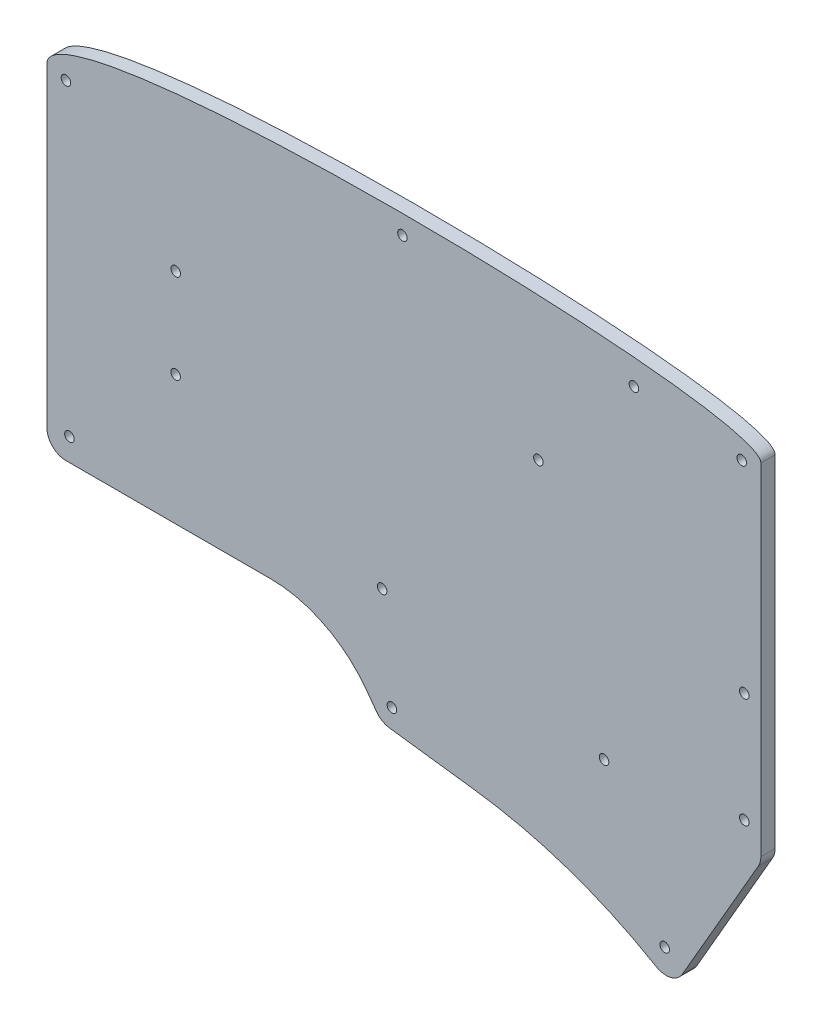
ISO-10303-21;
HEADER;
FILE_DESCRIPTION(('STEP AP214'),'2;1');
FILE_NAME('part.step','',(''),(''),'','','');
FILE_SCHEMA(('AUTOMOTIVE_DESIGN { 1 0 10303 214 1 1 1 1 }'));
ENDSEC;
DATA;
#1=APPLICATION_CONTEXT('core data for automotive mechanical design processes');
#2=APPLICATION_PROTOCOL_DEFINITION('international standard','automotive_design',2000,#1);
#3=PRODUCT_CONTEXT('',#1,'mechanical');
#4=PRODUCT('Part','Part','',(#3));
#5=PRODUCT_RELATED_PRODUCT_CATEGORY('part','',(#4));
#6=PRODUCT_DEFINITION_FORMATION('','',#4);
#7=PRODUCT_DEFINITION_CONTEXT('part definition',#1,'design');
#8=PRODUCT_DEFINITION('design','',#6,#7);
#9=PRODUCT_DEFINITION_SHAPE('','',#8);
#10=(LENGTH_UNIT() NAMED_UNIT(*) SI_UNIT(.MILLI.,.METRE.));
#11=(NAMED_UNIT(*) PLANE_ANGLE_UNIT() SI_UNIT($,.RADIAN.));
#12=(NAMED_UNIT(*) SI_UNIT($,.STERADIAN.) SOLID_ANGLE_UNIT());
#13=UNCERTAINTY_MEASURE_WITH_UNIT(LENGTH_MEASURE(1.E-05),#10,'distance_accuracy_value','');
#14=(GEOMETRIC_REPRESENTATION_CONTEXT(3) GLOBAL_UNCERTAINTY_ASSIGNED_CONTEXT((#13)) GLOBAL_UNIT_ASSIGNED_CONTEXT((#10,
#11,#12)) REPRESENTATION_CONTEXT('',''));
#15=CARTESIAN_POINT('',(0.,0.,0.));
#16=DIRECTION('',(0.,0.,1.));
#17=DIRECTION('',(1.,0.,0.));
#18=AXIS2_PLACEMENT_3D('',#15,#16,#17);
#19=CARTESIAN_POINT('',(-5.60340836480404,96.4255615904271,3.));
#20=CARTESIAN_POINT('',(-5.60340836480403,103.460733083272,3.));
#21=CARTESIAN_POINT('',(68.6271572793247,109.640132520942,3.));
#22=CARTESIAN_POINT('',(143.989385395709,103.45856741741,3.));
#23=CARTESIAN_POINT('',(143.989385395703,98.7904693493434,3.));
#24=B_SPLINE_CURVE_WITH_KNOTS('',3,(#19,#20,#21,#22,#23),.UNSPECIFIED.,.F.,.F.,(4,1,4),(0.,
0.499912398993814,1.),.UNSPECIFIED.);
#25=DIRECTION('',(0.,0.,-1.));
#26=VECTOR('',#25,1.);
#27=SURFACE_OF_LINEAR_EXTRUSION('',#24,#26);
#28=CARTESIAN_POINT('',(-5.60340836480404,96.4255615904271,0.));
#29=CARTESIAN_POINT('',(-5.60340836480403,103.460733083272,0.));
#30=CARTESIAN_POINT('',(68.6271572793247,109.640132520942,0.));
#31=CARTESIAN_POINT('',(143.989385395709,103.45856741741,0.));
#32=CARTESIAN_POINT('',(143.989385395703,98.7904693493434,0.));
#33=B_SPLINE_CURVE_WITH_KNOTS('',3,(#28,#29,#30,#31,#32),.UNSPECIFIED.,.F.,.F.,(4,1,4),(0.,
0.499912398993814,1.),.UNSPECIFIED.);
#34=CARTESIAN_POINT('',(-5.60340836480404,96.4255615904271,0.));
#35=VERTEX_POINT('',#34);
#36=CARTESIAN_POINT('',(143.989385395703,98.7904693493434,0.));
#37=VERTEX_POINT('',#36);
#38=EDGE_CURVE('E208',#35,#37,#33,.T.);
#39=ORIENTED_EDGE('',*,*,#38,.F.);
#40=DIRECTION('',(0.,0.,-1.));
#41=VECTOR('',#40,1.);
#42=CARTESIAN_POINT('',(-5.60340836480404,96.4255615904271,3.));
#43=LINE('',#42,#41);
#44=CARTESIAN_POINT('',(-5.60340836480404,96.4255615904271,3.));
#45=VERTEX_POINT('',#44);
#46=EDGE_CURVE('E11',#45,#35,#43,.T.);
#47=ORIENTED_EDGE('',*,*,#46,.F.);
#48=CARTESIAN_POINT('',(143.989385395703,98.7904693493434,3.));
#49=VERTEX_POINT('',#48);
#50=EDGE_CURVE('E293',#45,#49,#24,.T.);
#51=ORIENTED_EDGE('',*,*,#50,.T.);
#52=DIRECTION('',(0.,0.,-1.));
#53=VECTOR('',#52,1.);
#54=CARTESIAN_POINT('',(143.989385395703,98.7904693493434,3.));
#55=LINE('',#54,#53);
#56=EDGE_CURVE('E104',#49,#37,#55,.T.);
#57=ORIENTED_EDGE('',*,*,#56,.T.);
#58=EDGE_LOOP('',(#39,#47,#51,#57));
#59=FACE_BOUND('',#58,.T.);
#60=ADVANCED_FACE('F35',(#59),#27,.T.);
#61=CARTESIAN_POINT('',(-5.60340836480404,0.,3.));
#62=DIRECTION('',(1.,0.,0.));
#63=DIRECTION('',(0.,1.,0.));
#64=AXIS2_PLACEMENT_3D('',#61,#62,#63);
#65=PLANE('',#64);
#66=DIRECTION('',(0.,-1.,0.));
#67=VECTOR('',#66,1.);
#68=CARTESIAN_POINT('',(-5.60340836480404,0.,0.));
#69=LINE('',#68,#67);
#70=CARTESIAN_POINT('',(-5.60340836480404,30.4255688575379,0.));
#71=VERTEX_POINT('',#70);
#72=EDGE_CURVE('E213',#35,#71,#69,.T.);
#73=ORIENTED_EDGE('',*,*,#72,.T.);
#74=DIRECTION('',(0.,0.,-1.));
#75=VECTOR('',#74,1.);
#76=CARTESIAN_POINT('',(-5.60340836480404,30.4255688575379,3.));
#77=LINE('',#76,#75);
#78=CARTESIAN_POINT('',(-5.60340836480404,30.4255688575379,3.));
#79=VERTEX_POINT('',#78);
#80=EDGE_CURVE('E44',#79,#71,#77,.T.);
#81=ORIENTED_EDGE('',*,*,#80,.F.);
#82=DIRECTION('',(0.,-1.,0.));
#83=VECTOR('',#82,1.);
#84=CARTESIAN_POINT('',(-5.60340836480404,0.,3.));
#85=LINE('',#84,#83);
#86=EDGE_CURVE('E337',#45,#79,#85,.T.);
#87=ORIENTED_EDGE('',*,*,#86,.F.);
#88=ORIENTED_EDGE('',*,*,#46,.T.);
#89=EDGE_LOOP('',(#73,#81,#87,#88));
#90=FACE_BOUND('',#89,.T.);
#91=ADVANCED_FACE('F321',(#90),#65,.F.);
#92=CARTESIAN_POINT('',(-1.60340836480404,30.4255688575379,3.));
#93=DIRECTION('',(0.,0.,-1.));
#94=DIRECTION('',(-1.,0.,0.));
#95=AXIS2_PLACEMENT_3D('',#92,#93,#94);
#96=CYLINDRICAL_SURFACE('',#95,4.);
#97=CARTESIAN_POINT('',(-1.60340836480404,30.4255688575379,0.));
#98=DIRECTION('',(0.,0.,1.));
#99=DIRECTION('',(1.,0.,0.));
#100=AXIS2_PLACEMENT_3D('',#97,#98,#99);
#101=CIRCLE('',#100,4.);
#102=CARTESIAN_POINT('',(-1.60340836480401,26.4255688575379,0.));
#103=VERTEX_POINT('',#102);
#104=EDGE_CURVE('E219',#103,#71,#101,.F.);
#105=ORIENTED_EDGE('',*,*,#104,.F.);
#106=DIRECTION('',(0.,0.,-1.));
#107=VECTOR('',#106,1.);
#108=CARTESIAN_POINT('',(-1.60340836480401,26.4255688575379,3.));
#109=LINE('',#108,#107);
#110=CARTESIAN_POINT('',(-1.60340836480401,26.4255688575379,3.));
#111=VERTEX_POINT('',#110);
#112=EDGE_CURVE('E311',#111,#103,#109,.T.);
#113=ORIENTED_EDGE('',*,*,#112,.F.);
#114=CARTESIAN_POINT('',(-1.60340836480404,30.4255688575379,3.));
#115=DIRECTION('',(0.,0.,1.));
#116=DIRECTION('',(1.,0.,0.));
#117=AXIS2_PLACEMENT_3D('',#114,#115,#116);
#118=CIRCLE('',#117,4.);
#119=EDGE_CURVE('E318',#111,#79,#118,.F.);
#120=ORIENTED_EDGE('',*,*,#119,.T.);
#121=ORIENTED_EDGE('',*,*,#80,.T.);
#122=EDGE_LOOP('',(#105,#113,#120,#121));
#123=FACE_BOUND('',#122,.T.);
#124=ADVANCED_FACE('F316',(#123),#96,.T.);
#125=CARTESIAN_POINT('',(0.,26.4255688575379,3.));
#126=DIRECTION('',(0.,1.,0.));
#127=DIRECTION('',(0.,0.,1.));
#128=AXIS2_PLACEMENT_3D('',#125,#126,#127);
#129=PLANE('',#128);
#130=DIRECTION('',(1.,0.,0.));
#131=VECTOR('',#130,1.);
#132=CARTESIAN_POINT('',(0.,26.4255688575379,0.));
#133=LINE('',#132,#131);
#134=CARTESIAN_POINT('',(41.2672141804128,26.4255688575379,0.));
#135=VERTEX_POINT('',#134);
#136=EDGE_CURVE('E222',#103,#135,#133,.T.);
#137=ORIENTED_EDGE('',*,*,#136,.T.);
#138=DIRECTION('',(0.,0.,-1.));
#139=VECTOR('',#138,1.);
#140=CARTESIAN_POINT('',(41.2672141804128,26.4255688575379,3.));
#141=LINE('',#140,#139);
#142=CARTESIAN_POINT('',(41.2672141804128,26.4255688575379,3.));
#143=VERTEX_POINT('',#142);
#144=EDGE_CURVE('E309',#143,#135,#141,.T.);
#145=ORIENTED_EDGE('',*,*,#144,.F.);
#146=DIRECTION('',(1.,0.,0.));
#147=VECTOR('',#146,1.);
#148=CARTESIAN_POINT('',(0.,26.4255688575379,3.));
#149=LINE('',#148,#147);
#150=EDGE_CURVE('E333',#111,#143,#149,.T.);
#151=ORIENTED_EDGE('',*,*,#150,.F.);
#152=ORIENTED_EDGE('',*,*,#112,.T.);
#153=EDGE_LOOP('',(#137,#145,#151,#152));
#154=FACE_BOUND('',#153,.T.);
#155=ADVANCED_FACE('F330',(#154),#129,.F.);
#156=CARTESIAN_POINT('',(41.2672141804129,1.42556885753786,3.));
#157=DIRECTION('',(0.,0.,-1.));
#158=DIRECTION('',(-1.,0.,0.));
#159=AXIS2_PLACEMENT_3D('',#156,#157,#158);
#160=CYLINDRICAL_SURFACE('',#159,25.);
#161=CARTESIAN_POINT('',(41.2672141804129,1.42556885753786,0.));
#162=DIRECTION('',(0.,0.,1.));
#163=DIRECTION('',(1.,0.,0.));
#164=AXIS2_PLACEMENT_3D('',#161,#162,#163);
#165=CIRCLE('',#164,25.);
#166=CARTESIAN_POINT('',(61.4664169198252,16.156224263599,0.));
#167=VERTEX_POINT('',#166);
#168=EDGE_CURVE('E225',#167,#135,#165,.T.);
#169=ORIENTED_EDGE('',*,*,#168,.F.);
#170=DIRECTION('',(0.,0.,-1.));
#171=VECTOR('',#170,1.);
#172=CARTESIAN_POINT('',(61.4664169198252,16.156224263599,3.));
#173=LINE('',#172,#171);
#174=CARTESIAN_POINT('',(61.4664169198252,16.156224263599,3.));
#175=VERTEX_POINT('',#174);
#176=EDGE_CURVE('E307',#175,#167,#173,.T.);
#177=ORIENTED_EDGE('',*,*,#176,.F.);
#178=CARTESIAN_POINT('',(41.2672141804129,1.42556885753786,3.));
#179=DIRECTION('',(0.,0.,1.));
#180=DIRECTION('',(1.,0.,0.));
#181=AXIS2_PLACEMENT_3D('',#178,#179,#180);
#182=CIRCLE('',#181,25.);
#183=EDGE_CURVE('E335',#175,#143,#182,.T.);
#184=ORIENTED_EDGE('',*,*,#183,.T.);
#185=ORIENTED_EDGE('',*,*,#144,.T.);
#186=EDGE_LOOP('',(#169,#177,#184,#185));
#187=FACE_BOUND('',#186,.T.);
#188=ADVANCED_FACE('F376',(#187),#160,.F.);
#189=CARTESIAN_POINT('',(47.8176337053878,34.871925072218,3.));
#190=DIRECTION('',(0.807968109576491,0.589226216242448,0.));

------

_What is being asked:_ Since only part of the listing is wanted, copy exactly the lines from the one holding "FILE_DESCRIPTION(('STEP AP214'),'2;1');" to the one holding "#22=CARTESIAN_POINT('',(143.989385395709,103.45856741741,3.));", both included.

_Result of the task:_
FILE_DESCRIPTION(('STEP AP214'),'2;1');
FILE_NAME('part.step','',(''),(''),'','','');
FILE_SCHEMA(('AUTOMOTIVE_DESIGN { 1 0 10303 214 1 1 1 1 }'));
ENDSEC;
DATA;
#1=APPLICATION_CONTEXT('core data for automotive mechanical design processes');
#2=APPLICATION_PROTOCOL_DEFINITION('international standard','automotive_design',2000,#1);
#3=PRODUCT_CONTEXT('',#1,'mechanical');
#4=PRODUCT('Part','Part','',(#3));
#5=PRODUCT_RELATED_PRODUCT_CATEGORY('part','',(#4));
#6=PRODUCT_DEFINITION_FORMATION('','',#4);
#7=PRODUCT_DEFINITION_CONTEXT('part definition',#1,'design');
#8=PRODUCT_DEFINITION('design','',#6,#7);
#9=PRODUCT_DEFINITION_SHAPE('','',#8);
#10=(LENGTH_UNIT() NAMED_UNIT(*) SI_UNIT(.MILLI.,.METRE.));
#11=(NAMED_UNIT(*) PLANE_ANGLE_UNIT() SI_UNIT($,.RADIAN.));
#12=(NAMED_UNIT(*) SI_UNIT($,.STERADIAN.) SOLID_ANGLE_UNIT());
#13=UNCERTAINTY_MEASURE_WITH_UNIT(LENGTH_MEASURE(1.E-05),#10,'distance_accuracy_value','');
#14=(GEOMETRIC_REPRESENTATION_CONTEXT(3) GLOBAL_UNCERTAINTY_ASSIGNED_CONTEXT((#13)) GLOBAL_UNIT_ASSIGNED_CONTEXT((#10,
#11,#12)) REPRESENTATION_CONTEXT('',''));
#15=CARTESIAN_POINT('',(0.,0.,0.));
#16=DIRECTION('',(0.,0.,1.));
#17=DIRECTION('',(1.,0.,0.));
#18=AXIS2_PLACEMENT_3D('',#15,#16,#17);
#19=CARTESIAN_POINT('',(-5.60340836480404,96.4255615904271,3.));
#20=CARTESIAN_POINT('',(-5.60340836480403,103.460733083272,3.));
#21=CARTESIAN_POINT('',(68.6271572793247,109.640132520942,3.));
#22=CARTESIAN_POINT('',(143.989385395709,103.45856741741,3.));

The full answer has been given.